The basic premise of this blog is to use BIM tools (primarily Revit) to explore The Way We Build (TWWB).  At it's broadest, the idea of TWWB is to look into the soul of Homo Spapiens through the lens of our construction activity.  Since we are looking at ourselves, the lens becomes a mirror.  Through the looking glass of our grandest cities and our most humble campsites we take a journey into the social history of our species. 


A blog is essentially a diary.  It follows in the footsteps of a grand tradition: the serialised diary of a newspaper columnist.  It lacks the discipline weekly deadlines, and strict column-inch targets, but it is available to all, an "open house".  You don't have to worm your way into an editors heart to write a blog, and you don't have to buy a newspaper to read one.  You do need internet access, so there is still an element of elitism, the haves and the have nots.  I am guessing that few of my readers are street vendors or subsistence farmers.

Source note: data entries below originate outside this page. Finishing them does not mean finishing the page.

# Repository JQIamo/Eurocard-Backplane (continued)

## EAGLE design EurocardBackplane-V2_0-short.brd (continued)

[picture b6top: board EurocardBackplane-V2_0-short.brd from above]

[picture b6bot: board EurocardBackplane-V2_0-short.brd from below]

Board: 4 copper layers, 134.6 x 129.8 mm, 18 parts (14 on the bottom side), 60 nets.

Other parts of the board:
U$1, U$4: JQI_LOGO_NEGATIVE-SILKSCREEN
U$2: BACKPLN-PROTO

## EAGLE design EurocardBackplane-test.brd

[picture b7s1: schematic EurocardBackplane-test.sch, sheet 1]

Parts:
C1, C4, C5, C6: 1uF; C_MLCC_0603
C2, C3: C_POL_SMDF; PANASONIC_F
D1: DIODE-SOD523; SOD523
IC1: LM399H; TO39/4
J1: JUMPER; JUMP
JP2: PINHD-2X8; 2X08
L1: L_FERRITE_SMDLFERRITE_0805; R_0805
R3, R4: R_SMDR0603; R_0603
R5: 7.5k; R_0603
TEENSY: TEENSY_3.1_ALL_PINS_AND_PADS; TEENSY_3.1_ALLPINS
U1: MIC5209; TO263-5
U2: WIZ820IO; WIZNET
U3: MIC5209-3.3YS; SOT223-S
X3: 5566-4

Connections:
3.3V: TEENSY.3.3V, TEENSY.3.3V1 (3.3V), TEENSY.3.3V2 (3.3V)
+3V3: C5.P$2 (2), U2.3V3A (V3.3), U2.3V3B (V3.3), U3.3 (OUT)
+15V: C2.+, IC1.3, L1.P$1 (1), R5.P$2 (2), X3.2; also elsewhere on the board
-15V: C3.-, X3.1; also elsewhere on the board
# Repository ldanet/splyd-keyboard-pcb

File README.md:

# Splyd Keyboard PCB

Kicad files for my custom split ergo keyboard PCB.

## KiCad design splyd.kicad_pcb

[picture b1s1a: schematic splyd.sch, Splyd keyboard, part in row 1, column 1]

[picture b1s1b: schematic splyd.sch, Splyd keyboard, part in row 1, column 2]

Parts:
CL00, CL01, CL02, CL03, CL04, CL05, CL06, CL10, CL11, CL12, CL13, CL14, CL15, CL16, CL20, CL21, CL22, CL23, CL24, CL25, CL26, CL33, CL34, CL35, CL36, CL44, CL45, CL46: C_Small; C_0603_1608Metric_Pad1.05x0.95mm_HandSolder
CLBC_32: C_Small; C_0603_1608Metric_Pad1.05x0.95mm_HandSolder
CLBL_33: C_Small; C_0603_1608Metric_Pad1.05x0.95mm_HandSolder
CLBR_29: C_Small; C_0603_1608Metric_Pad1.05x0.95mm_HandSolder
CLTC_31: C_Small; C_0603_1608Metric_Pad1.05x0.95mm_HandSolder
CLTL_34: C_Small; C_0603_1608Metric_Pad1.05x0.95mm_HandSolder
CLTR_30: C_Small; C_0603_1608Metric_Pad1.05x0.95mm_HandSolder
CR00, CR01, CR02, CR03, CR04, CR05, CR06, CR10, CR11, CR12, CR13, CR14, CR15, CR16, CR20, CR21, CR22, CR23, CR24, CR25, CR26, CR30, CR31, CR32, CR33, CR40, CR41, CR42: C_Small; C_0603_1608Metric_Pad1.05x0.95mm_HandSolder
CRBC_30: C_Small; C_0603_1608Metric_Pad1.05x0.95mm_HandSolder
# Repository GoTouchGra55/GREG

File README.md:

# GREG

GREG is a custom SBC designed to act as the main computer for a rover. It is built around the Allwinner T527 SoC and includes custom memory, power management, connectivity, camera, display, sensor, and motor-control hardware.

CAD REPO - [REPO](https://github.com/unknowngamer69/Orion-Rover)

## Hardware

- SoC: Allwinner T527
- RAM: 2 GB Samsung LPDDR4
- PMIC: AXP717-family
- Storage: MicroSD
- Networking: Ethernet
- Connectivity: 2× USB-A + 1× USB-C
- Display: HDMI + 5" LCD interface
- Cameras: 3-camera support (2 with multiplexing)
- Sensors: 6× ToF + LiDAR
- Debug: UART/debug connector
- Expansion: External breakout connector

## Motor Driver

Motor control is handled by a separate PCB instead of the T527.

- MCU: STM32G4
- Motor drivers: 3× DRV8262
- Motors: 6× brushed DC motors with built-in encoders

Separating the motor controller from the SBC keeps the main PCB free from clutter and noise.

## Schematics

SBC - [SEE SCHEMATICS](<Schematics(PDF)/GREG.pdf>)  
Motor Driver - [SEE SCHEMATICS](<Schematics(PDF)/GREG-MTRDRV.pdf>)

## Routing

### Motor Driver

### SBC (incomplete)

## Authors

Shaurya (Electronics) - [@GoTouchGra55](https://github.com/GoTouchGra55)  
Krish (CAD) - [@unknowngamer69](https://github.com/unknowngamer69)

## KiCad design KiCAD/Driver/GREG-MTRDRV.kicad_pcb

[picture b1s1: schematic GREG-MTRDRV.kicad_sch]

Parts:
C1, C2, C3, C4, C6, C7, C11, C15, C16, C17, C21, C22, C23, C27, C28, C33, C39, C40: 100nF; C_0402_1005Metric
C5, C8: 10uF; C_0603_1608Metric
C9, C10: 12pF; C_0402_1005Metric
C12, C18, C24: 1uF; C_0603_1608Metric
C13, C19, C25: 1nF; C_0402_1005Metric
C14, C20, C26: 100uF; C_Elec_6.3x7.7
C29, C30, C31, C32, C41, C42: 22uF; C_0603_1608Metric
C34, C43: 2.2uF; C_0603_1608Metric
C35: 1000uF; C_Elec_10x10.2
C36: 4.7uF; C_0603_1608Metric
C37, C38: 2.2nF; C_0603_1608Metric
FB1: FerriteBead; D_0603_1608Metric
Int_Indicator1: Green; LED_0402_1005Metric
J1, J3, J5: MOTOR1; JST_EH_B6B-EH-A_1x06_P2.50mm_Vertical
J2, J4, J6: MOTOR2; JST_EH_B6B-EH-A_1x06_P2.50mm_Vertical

Last week Zach declared open season.  Let the hunting begin.  Unleash the parametric pumpkin carvers.  Last year I turned my pumpkin inside out to reveal a Doric column, and I told the story over the course of a week or so on this blog : an exercise in transparency perhaps.  This year I propose to open my heart/house a little earlier and to perform a different kind of inversion.  I'm not sure where this will lead, but my first impulse is to focus on the carving and perhaps to invert this process. 


At halloween we profligates of the western world take a humble vegetable, carve it into the resemblance of a human head, and light it from within.  This forms part of an annual ritual of mock scaring.  We conjour up an ancient fear of witches and goblins in order to remind ourselves of the safety jacket we wear called "civilisation".  Carving the vegetable represents taming nature.  We are in charge, tree spirits no longer pose a threat as we wander through the forest stealing their fruit.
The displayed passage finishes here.